[Records from a data collection]
━━━━━━━━━━
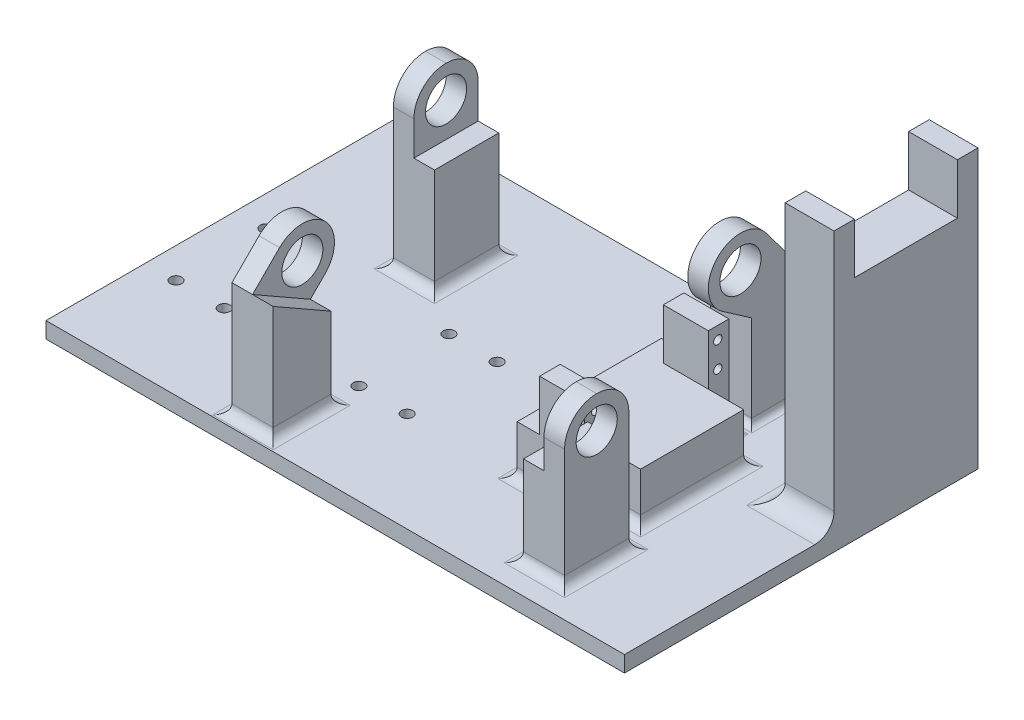
from build123d import *

# Parameters (mm, degrees)
SKETCH2_W            = 228.6
SKETCH2_H            = 139.7
BOSS_EXTRUDE1_DEPTH  = 6.35
SKETCH3_W            = 8.128
SKETCH3_H            = 25.4
BOSS_EXTRUDE2_DEPTH  = 59.69
FILLET3_R            = 12.7
SKETCH5_R            = 8.128
CUT_EXTRUDE1_DEPTH   = 53.34
SKETCH7_W            = 8.128
SKETCH7_H            = 25.4
BOSS_EXTRUDE3_DEPTH  = 35.56
SKETCH8_W            = 8.128
SKETCH8_H            = 22.86
BOSS_EXTRUDE4_DEPTH  = 25.4
BOSS_EXTRUDE5_DEPTH  = 8.128
FILLET4_R            = 12.7
CUT_EXTRUDE2_START   = -8.128
SKETCH10_R           = 8.128
CUT_EXTRUDE2_DEPTH   = 8.128
SKETCH11_W           = 8.128
SKETCH11_H           = 22.86
BOSS_EXTRUDE6_DEPTH  = 32.204488
BOSS_EXTRUDE7_DEPTH  = 8.128
SKETCH13_W           = 40.64
SKETCH13_H           = 40.767
BOSS_EXTRUDE8_DEPTH  = 19.433424
SKETCH14_W           = 26.67
SKETCH14_H           = 8.128
BOSS_EXTRUDE9_DEPTH  = 39.433424
FILLET6_R            = 3.81
SKETCH15_R           = 1.651
CUT_EXTRUDE3_DEPTH   = 12.7
CUT_EXTRUDE4_START   = -20
SKETCH16_W           = 8.89
SKETCH16_H           = 8.128
CUT_EXTRUDE4_DEPTH   = 20
SKETCH17_W           = 8.128
SKETCH17_H           = 25.4
BOSS_EXTRUDE10_DEPTH = 68.072
FILLET7_R            = 12.7
SKETCH20_R           = 8.128
CUT_EXTRUDE5_DEPTH   = 17.78
SKETCH21_W           = 8.128
SKETCH21_H           = 25.4
BOSS_EXTRUDE11_DEPTH = 41.91
FILLET8_R            = 3.81
SKETCH22_W           = 8.128
SKETCH22_H           = 25.4
BOSS_EXTRUDE12_DEPTH = 36.83
BOSS_EXTRUDE13_START = -8.128
SKETCH23_R           = 8.128
BOSS_EXTRUDE13_DEPTH = 8.128
SKETCH24_W           = 8.128
SKETCH24_H           = 25.4
BOSS_EXTRUDE14_DEPTH = 36.83
FILLET10_R           = 2.54
SKETCH26_W           = 19.304
SKETCH26_H           = 56.896
BOSS_EXTRUDE15_DEPTH = 83.546431338
SKETCH27_W           = 19.304
SKETCH27_H           = 8.128
BOSS_EXTRUDE16_DEPTH = 20
SKETCH28_R           = 1.625
CUT_EXTRUDE6_DEPTH   = 8.89
FILLET11_R           = 7.62
SKETCH29_R           = 2.249999945
CUT_EXTRUDE7_DEPTH   = 11.43


# Some blends are built 0.0001 mm under size
with BuildPart() as part:
    # Sketch2 → Boss-Extrude1 (new body)
    with BuildSketch(Plane(origin=(0, 0, 0), x_dir=(1, 0, 0), z_dir=(0, 1, 0))):
        with Locations((-33.692352941, -26.268455882)):
            Rectangle(SKETCH2_W, SKETCH2_H)
    extrude(amount=BOSS_EXTRUDE1_DEPTH)

    # Sketch3 → Boss-Extrude2 (add)
    with BuildSketch(Plane(origin=(0, 6.35, 0), x_dir=(1, 0, 0), z_dir=(0, 1, 0))):
        with Locations((41.440900604, -71.988455882)):
            Rectangle(SKETCH3_W, SKETCH3_H)
    extrude(amount=BOSS_EXTRUDE2_DEPTH)

    # Fillet3
    fillet3_edges = [part.edges().sort_by_distance(p)[0] for p in [
        (41.440900604, 66.04, 84.688455882),
        (41.440900604, 66.04, 59.288455882),
    ]]
    fillet(fillet3_edges, radius=FILLET3_R - 0.0001)  # a hair under: the kernel refuses the full size

    # Sketch5 → Cut-Extrude1 (cut)
    with BuildSketch(Plane(origin=(45.504900604, 0, 0), x_dir=(0, 0, -1), z_dir=(1, 0, 0))):
        with Locations((-71.988455882, 53.34)):
            Circle(SKETCH5_R)
    extrude(amount=-CUT_EXTRUDE1_DEPTH, mode=Mode.SUBTRACT)

    # Sketch7 → Boss-Extrude3 (add)
    with BuildSketch(Plane(origin=(0, 6.35, 0), x_dir=(1, 0, 0), z_dir=(0, 1, 0))):
        with Locations((33.312900604, -71.988455882)):
            Rectangle(SKETCH7_W, SKETCH7_H)
    extrude(amount=BOSS_EXTRUDE3_DEPTH)

    # Sketch8 → Boss-Extrude4 (add)
    with BuildSketch(Plane(origin=(0, 6.35, 0), x_dir=(1, 0, 0), z_dir=(0, 1, 0))):
        with Locations((-74.891099396, -80.243455882)):
            Rectangle(SKETCH8_W, SKETCH8_H)
    extrude(amount=BOSS_EXTRUDE4_DEPTH)

    # Sketch9 → Boss-Extrude5 (add)
    with BuildSketch(Plane.ZY.offset(78.955099396)):
        Polygon((91.673455882, 31.75), (91.673455882, 51.615512242), (71.988455882, 71.300512242), (54.02794364, 53.34), (68.813455882, 38.554487758), (68.813455882, 31.75), align=None)
    extrude(amount=-BOSS_EXTRUDE5_DEPTH)

    # Fillet4
    fillet4_edges = [part.edges().sort_by_distance(p)[0] for p in [
        (-74.891099396, 53.34, 54.02794364),
        (-74.891099396, 71.300512242, 71.988455882),
    ]]
    fillet(fillet4_edges, radius=FILLET4_R - 0.0001)  # a hair under: the kernel refuses the full size

    # Sketch10 → Cut-Extrude2 (cut)
    with BuildSketch(Plane.ZY.offset(78.955099396).offset(CUT_EXTRUDE2_START)):
        with Locations(Location((71.988455882, 53.34, 0), (0, 0, 180))):
            Circle(SKETCH10_R)
    extrude(amount=CUT_EXTRUDE2_DEPTH, mode=Mode.SUBTRACT)

    # Sketch11 → Boss-Extrude6 (add)
    with BuildSketch(Plane(origin=(0, 6.35, 0), x_dir=(1, 0, 0), z_dir=(0, 1, 0))):
        with Locations((-66.763099396, -80.243455882)):
            Rectangle(SKETCH11_W, SKETCH11_H)
    extrude(amount=BOSS_EXTRUDE6_DEPTH)

    # Sketch12 → Boss-Extrude7 (add)
    with BuildSketch(Plane(origin=(-70.827099396, 0, 0), x_dir=(0, 0, -1), z_dir=(1, 0, 0))):
        Polygon((-91.673455882, 51.615512242), (-68.813455882, 38.554487758), (-91.673455882, 38.554487758), align=None)
    extrude(amount=BOSS_EXTRUDE7_DEPTH)

    # Sketch13 → Boss-Extrude8 (add)
    with BuildSketch(Plane(origin=(0, 6.35, 0), x_dir=(1, 0, 0), z_dir=(0, 1, 0))):
        with Locations((19.450377632, -28.554455882)):
            Rectangle(SKETCH13_W, SKETCH13_H)
    extrude(amount=BOSS_EXTRUDE8_DEPTH)

    # Sketch14 → Boss-Extrude9 (add)
    with BuildSketch(Plane(origin=(0, 6.35, 0), x_dir=(1, 0, 0), z_dir=(0, 1, 0))):
        with Locations((12.465377632, -53.001955882)):
            Rectangle(SKETCH14_W, SKETCH14_H)
        with Locations((12.465377632, -4.106955882)):
            Rectangle(SKETCH14_W, SKETCH14_H)
    extrude(amount=BOSS_EXTRUDE9_DEPTH)

    # Fillet6
    # the kernel refuses this fillet: 3.81 mm, written as the material it adds along each edge
    with BuildSketch(Plane(origin=(-62.699099396, 6.35, 91.673455882), x_dir=(1, 0, 0), z_dir=(0, 0, -1)), Plane(origin=(-78.955099396, 6.35, 68.813455882), x_dir=(-1, 0, 0), z_dir=(0, 0, 1))) as fillet6_piece_1:
        with BuildLine():
            CenterArc((FILLET6_R, -FILLET6_R), FILLET6_R, 90, 90)
            Line((0, -FILLET6_R), (0, 0))
            Line((0, 0), (FILLET6_R, 0))
        make_face()
    extrude(amount=22.86)
    with BuildSketch(Plane(origin=(-0.869622368, 6.35, 57.065955882), x_dir=(-1, 0, 0), z_dir=(0, 0, -1))) as fillet6_piece_2:
        with BuildLine():
            CenterArc((FILLET6_R, FILLET6_R), FILLET6_R, 180, 90)
            Line((0, FILLET6_R), (0, 0))
            Line((0, 0), (FILLET6_R, 0))
        make_face()
    extrude(amount=57.023)
    with BuildSketch(Plane(origin=(39.770377632, 6.35, 48.937955882), x_dir=(1, 0, 0), z_dir=(0, 0, -1))) as fillet6_piece_3:
        with BuildLine():
            CenterArc((FILLET6_R, -FILLET6_R), FILLET6_R, 90, 90)
            Line((0, -FILLET6_R), (0, 0))
            Line((0, 0), (FILLET6_R, 0))
        make_face()
    extrude(amount=40.767)
    with BuildSketch(Plane(origin=(39.770377632, 6.35, 8.170955882), x_dir=(0, 0, -1), z_dir=(-1, 0, 0)), Plane(origin=(16.275377632, 6.35, 48.937955882), x_dir=(0, 0, 1), z_dir=(1, 0, 0))) as fillet6_piece_4:
        with BuildLine():
            CenterArc((FILLET6_R, -FILLET6_R), FILLET6_R, 90, 90)
            Line((0, -FILLET6_R), (0, 0))
            Line((0, 0), (FILLET6_R, 0))
        make_face()
    extrude(amount=23.495)
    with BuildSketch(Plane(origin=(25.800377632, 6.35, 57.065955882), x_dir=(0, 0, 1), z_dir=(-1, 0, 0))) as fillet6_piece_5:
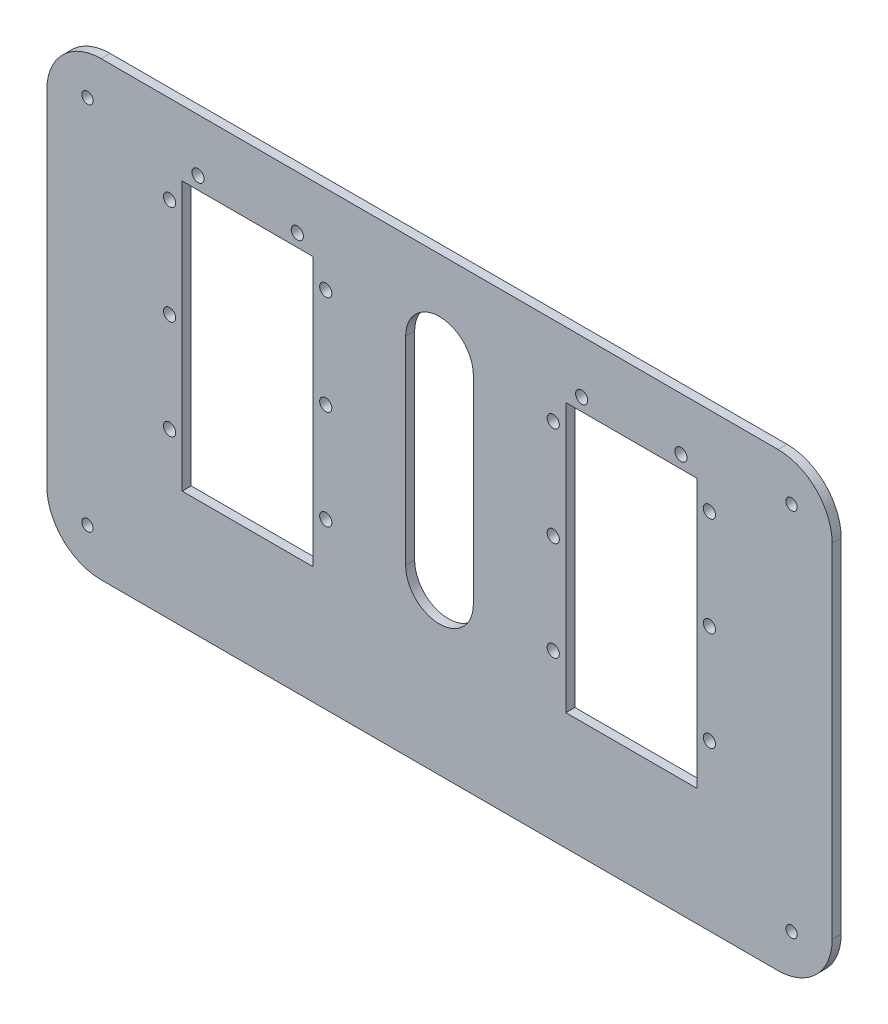
from build123d import *

# Parameters (mm, degrees)
ESBO_O1_W                     = 174
ESBO_O1_H                     = 100
ESBO_O1_R                     = 1.25
RESSALTO_EXTRUS_O1_DEPTH      = 3
FILETE1_R                     = 12
ESBO_O2_R                     = 1.35
ESBO_O2_W                     = 29
ESBO_O2_H                     = 59.5
CORTE_EXTRUS_O1_DEPTH         = 10
CONVERTER_S_LIDO1_OUTLINE_R   = 1.25
CONVERTER_S_LIDO1_OUTLINE_R_2 = 1.35
CONVERTER_S_LIDO1_OUTLINE_W   = 29
CONVERTER_S_LIDO1_OUTLINE_H   = 59.5
CONVERTER_S_LIDO1_DEPTH       = 1


# Read off the part's stored shape, not the designer's step: Converter-Sólido1
with BuildPart() as part:
    # Esboço1 → Ressalto-extrusão1 (new body)
    with BuildSketch(Plane.XY):
        Rectangle(ESBO_O1_W, ESBO_O1_H)
        with Locations((-78, -41)):
            Circle(ESBO_O1_R, mode=Mode.SUBTRACT)
        with Locations((-78, 41)):
            Circle(ESBO_O1_R, mode=Mode.SUBTRACT)
        with Locations((78, 41)):
            Circle(ESBO_O1_R, mode=Mode.SUBTRACT)
        with Locations((78, -41)):
            Circle(ESBO_O1_R, mode=Mode.SUBTRACT)
    extrude(amount=RESSALTO_EXTRUS_O1_DEPTH)

    # Filete1
    filete1_edges = [part.edges().sort_by_distance(p)[0] for p in [
        (87, -50, 1.5),
        (-87, -50, 1.5),
        (-87, 50, 1.5),
        (87, 50, 1.5),
    ]]
    fillet(filete1_edges, radius=FILETE1_R)

    # Esboço2 → Corte-extrusão1 (cut)
    with BuildSketch(Plane.XY.offset(3)):
        with Locations((-59.8, 30.5)):
            Circle(ESBO_O2_R)
        with Locations((-59.8, 8.5)):
            Circle(ESBO_O2_R)
        with Locations((-59.8, -13.5)):
            Circle(ESBO_O2_R)
        with Locations((-25.2, -13.5)):
            Circle(ESBO_O2_R)
        with Locations((-25.2, 8.5)):
            Circle(ESBO_O2_R)
        with Locations((-25.2, 30.5)):
            Circle(ESBO_O2_R)
        with Locations((-53.5, 38.3)):
            Circle(ESBO_O2_R)
        with Locations((-31.5, 38.3)):
            Circle(ESBO_O2_R)
        with Locations((31.5, 38.3)):
            Circle(ESBO_O2_R)
        with Locations((53.5, 38.3)):
            Circle(ESBO_O2_R)
        with Locations((25.2, 30.5)):
            Circle(ESBO_O2_R)
        with Locations((25.2, 8.5)):
            Circle(ESBO_O2_R)
        with Locations((25.2, -13.5)):
            Circle(ESBO_O2_R)
        with Locations((59.8, -13.5)):
            Circle(ESBO_O2_R)
        with Locations((59.8, 8.5)):
            Circle(ESBO_O2_R)
        with Locations((59.8, 30.5)):
            Circle(ESBO_O2_R)
        with Locations((-42.5, 5.75)):
            Rectangle(ESBO_O2_W, ESBO_O2_H)
        with Locations((42.5, 5.75)):
            Rectangle(ESBO_O2_W, ESBO_O2_H)
        with BuildLine():
            Line((7.5, 30.5), (7.5, -13.5))
            ThreePointArc((7.5, -13.5), (0, -21), (-7.5, -13.5))
            Line((-7.5, -13.5), (-7.5, 30.5))
            ThreePointArc((-7.5, 30.5), (0, 38), (7.5, 30.5))
        make_face()
    extrude(amount=-CORTE_EXTRUS_O1_DEPTH, mode=Mode.SUBTRACT)

    # Converter-Sólido1 outline → Converter-Sólido1 (cut)
    with BuildSketch(Plane.XY):
        with BuildLine():
            Line((87, -38), (87, 38))
            ThreePointArc((87, 38), (83.485281374, 46.485281374), (75, 50))
            Line((75, 50), (-75, 50))
            ThreePointArc((-75, 50), (-83.485281374, 46.485281374), (-87, 38))
            Line((-87, 38), (-87, -38))
            ThreePointArc((-87, -38), (-83.485281374, -46.485281374), (-75, -50))
            Line((-75, -50), (75, -50))
            ThreePointArc((75, -50), (83.485281374, -46.485281374), (87, -38))
        make_face()
        with Locations((-78, -41)):
            Circle(CONVERTER_S_LIDO1_OUTLINE_R, mode=Mode.SUBTRACT)
        with Locations((-59.8, -13.5)):
            Circle(CONVERTER_S_LIDO1_OUTLINE_R_2, mode=Mode.SUBTRACT)
        with Locations((-25.2, -13.5)):
            Circle(CONVERTER_S_LIDO1_OUTLINE_R_2, mode=Mode.SUBTRACT)
        with Locations((78, -41)):
            Circle(CONVERTER_S_LIDO1_OUTLINE_R, mode=Mode.SUBTRACT)
        with Locations((25.2, -13.5)):
            Circle(CONVERTER_S_LIDO1_OUTLINE_R_2, mode=Mode.SUBTRACT)
        with Locations((59.8, -13.5)):
            Circle(CONVERTER_S_LIDO1_OUTLINE_R_2, mode=Mode.SUBTRACT)
        with Locations((-59.8, 8.5)):
            Circle(CONVERTER_S_LIDO1_OUTLINE_R_2, mode=Mode.SUBTRACT)
        with Locations((-42.5, 5.75)):
            Rectangle(CONVERTER_S_LIDO1_OUTLINE_W, CONVERTER_S_LIDO1_OUTLINE_H, mode=Mode.SUBTRACT)
        with Locations((-25.2, 8.5)):
            Circle(CONVERTER_S_LIDO1_OUTLINE_R_2, mode=Mode.SUBTRACT)
        with Locations((-59.8, 30.5)):
            Circle(CONVERTER_S_LIDO1_OUTLINE_R_2, mode=Mode.SUBTRACT)
        with Locations((-78, 41)):
            Circle(CONVERTER_S_LIDO1_OUTLINE_R, mode=Mode.SUBTRACT)
        with Locations((-53.5, 38.3)):
            Circle(CONVERTER_S_LIDO1_OUTLINE_R_2, mode=Mode.SUBTRACT)
        with Locations((-25.2, 30.5)):
            Circle(CONVERTER_S_LIDO1_OUTLINE_R_2, mode=Mode.SUBTRACT)
        with Locations((-31.5, 38.3)):
            Circle(CONVERTER_S_LIDO1_OUTLINE_R_2, mode=Mode.SUBTRACT)
        with BuildLine():
            ThreePointArc((-7.5, 30.5), (0, 38), (7.5, 30.5))
            Line((7.5, 30.5), (7.5, -13.5))
            ThreePointArc((7.5, -13.5), (0, -21), (-7.5, -13.5))
            Line((-7.5, -13.5), (-7.5, 30.5))
        make_face(mode=Mode.SUBTRACT)
        with Locations((42.5, 5.75)):
            Rectangle(CONVERTER_S_LIDO1_OUTLINE_W, CONVERTER_S_LIDO1_OUTLINE_H, mode=Mode.SUBTRACT)
        with Locations((25.2, 8.5)):
            Circle(CONVERTER_S_LIDO1_OUTLINE_R_2, mode=Mode.SUBTRACT)
        with Locations((59.8, 8.5)):
            Circle(CONVERTER_S_LIDO1_OUTLINE_R_2, mode=Mode.SUBTRACT)
        with Locations((25.2, 30.5)):
            Circle(CONVERTER_S_LIDO1_OUTLINE_R_2, mode=Mode.SUBTRACT)
        with Locations((31.5, 38.3)):
            Circle(CONVERTER_S_LIDO1_OUTLINE_R_2, mode=Mode.SUBTRACT)
        with Locations((59.8, 30.5)):
            Circle(CONVERTER_S_LIDO1_OUTLINE_R_2, mode=Mode.SUBTRACT)
        with Locations((53.5, 38.3)):
            Circle(CONVERTER_S_LIDO1_OUTLINE_R_2, mode=Mode.SUBTRACT)
        with Locations((78, 41)):
            Circle(CONVERTER_S_LIDO1_OUTLINE_R, mode=Mode.SUBTRACT)
    extrude(amount=CONVERTER_S_LIDO1_DEPTH, mode=Mode.SUBTRACT)


solid = part.part
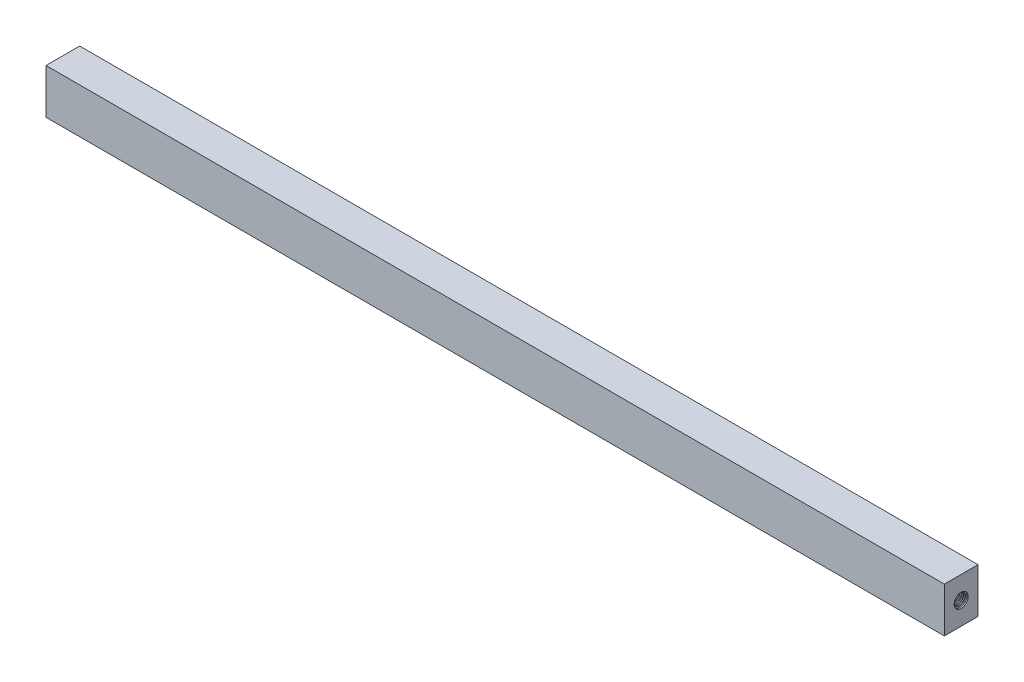
from build123d import *
from build123d.topology import SkipClean

# Parameters (mm, degrees)
SKETCH1_W           = 508
SKETCH1_H           = 25.4
BOSS_EXTRUDE1_DEPTH = 19.05
SKETCH2_R           = 3.96875
CUT_EXTRUDE1_DEPTH  = 25.4
THREAD1_PITCH       = 1.058333333


with BuildPart() as part:
    # Sketch1 → Boss-Extrude1 (new body)
    with BuildSketch(Plane.XY):
        with Locations((254, 12.7)):
            Rectangle(SKETCH1_W, SKETCH1_H)
    extrude(amount=-BOSS_EXTRUDE1_DEPTH)

    # Sketch2 → Cut-Extrude1 (cut)
    with BuildSketch(Plane(origin=(508, 0, 0), x_dir=(0, 0, -1), z_dir=(1, 0, 0))):
        with Locations((9.525, 12.7)):
            Circle(SKETCH2_R)
    extrude(amount=-CUT_EXTRUDE1_DEPTH, mode=Mode.SUBTRACT)

    # Thread1: the profile of Thread Profile1 profile screwed along a right-hand helix of 24 turns, 8 arcs to a turn; built about Z, then put on its axis
    with SkipClean():  # the faces are left unmerged after this step: merging them gives an invalid solid
        thread1_z = Axis((0, 0, 0), (0, 0, 1))
        thread1_corners = [(3.96905, 0, -0.000173205), (3.96905, 0, 0.926214869), (3.395910282, 0, 0.595312499), (3.395910282, 0, 0.330729165)]
        with BuildLine(mode=Mode.PRIVATE) as thread1_profile:
            Line(thread1_corners[0], thread1_corners[1])
            Line(thread1_corners[1], thread1_corners[2])
            Line(thread1_corners[2], thread1_corners[3])
            Line(thread1_corners[3], thread1_corners[0])
        thread1_cap = Face(thread1_profile.wire())
        thread1_turn_angles = [0, 22.5, 45, 67.5, 90, 112.5, 135, 157.5, 180, 202.5, 225, 247.5, 270, 292.5, 315, 337.5, 360]
        thread1_turn_weights = [1, 0.9238795325112867, 1, 0.9238795325112867, 1, 0.9238795325112867, 1, 0.9238795325112867, 1, 0.9238795325112867, 1, 0.9238795325112867, 1, 0.9238795325112867, 1, 0.9238795325112867, 1]
        thread1_turn_rails = [Edge.make_bspline([Vector(p[0], p[1], 0).rotate(thread1_z, thread1_turn_angles[k]) / thread1_turn_weights[k] + Vector(0, 0, p[2] + THREAD1_PITCH * thread1_turn_angles[k] / 360) for k in range(17)], [0, 0, 0, 1, 1, 2, 2, 3, 3, 4, 4, 5, 5, 6, 6, 7, 7, 8, 8, 8], 2, thread1_turn_weights) for p in thread1_corners]
        thread1_turn_sides = [Face.make_surface_from_curves(thread1_turn_rails[p[0]], thread1_turn_rails[p[1]]) for p in [(0, 1), (1, 2), (2, 3), (3, 0)]]
        thread1 = Plane(origin=(508, 12.7, -9.525), x_dir=(0, 0, 1), z_dir=(-1, 0, 0)) * Solid(Shell([*[p.moved(Location((0, 0, THREAD1_PITCH * i))) for i in range(24) for p in thread1_turn_sides], thread1_cap, thread1_cap.rotate(thread1_z, 8640).moved(Location((0, 0, THREAD1_PITCH * 8640 / 360)))]))
        add(thread1)


solid = part.part
━━━━━━━━━━
■ Your goal: Using the entries above, copy out all lines that contain the string "body".

■ Task output:
    # Sketch2 → Boss-Extrude1 (new body)
    # Esboço1 → Ressalto-extrusão1 (new body)
    # Sketch1 → Boss-Extrude1 (new body)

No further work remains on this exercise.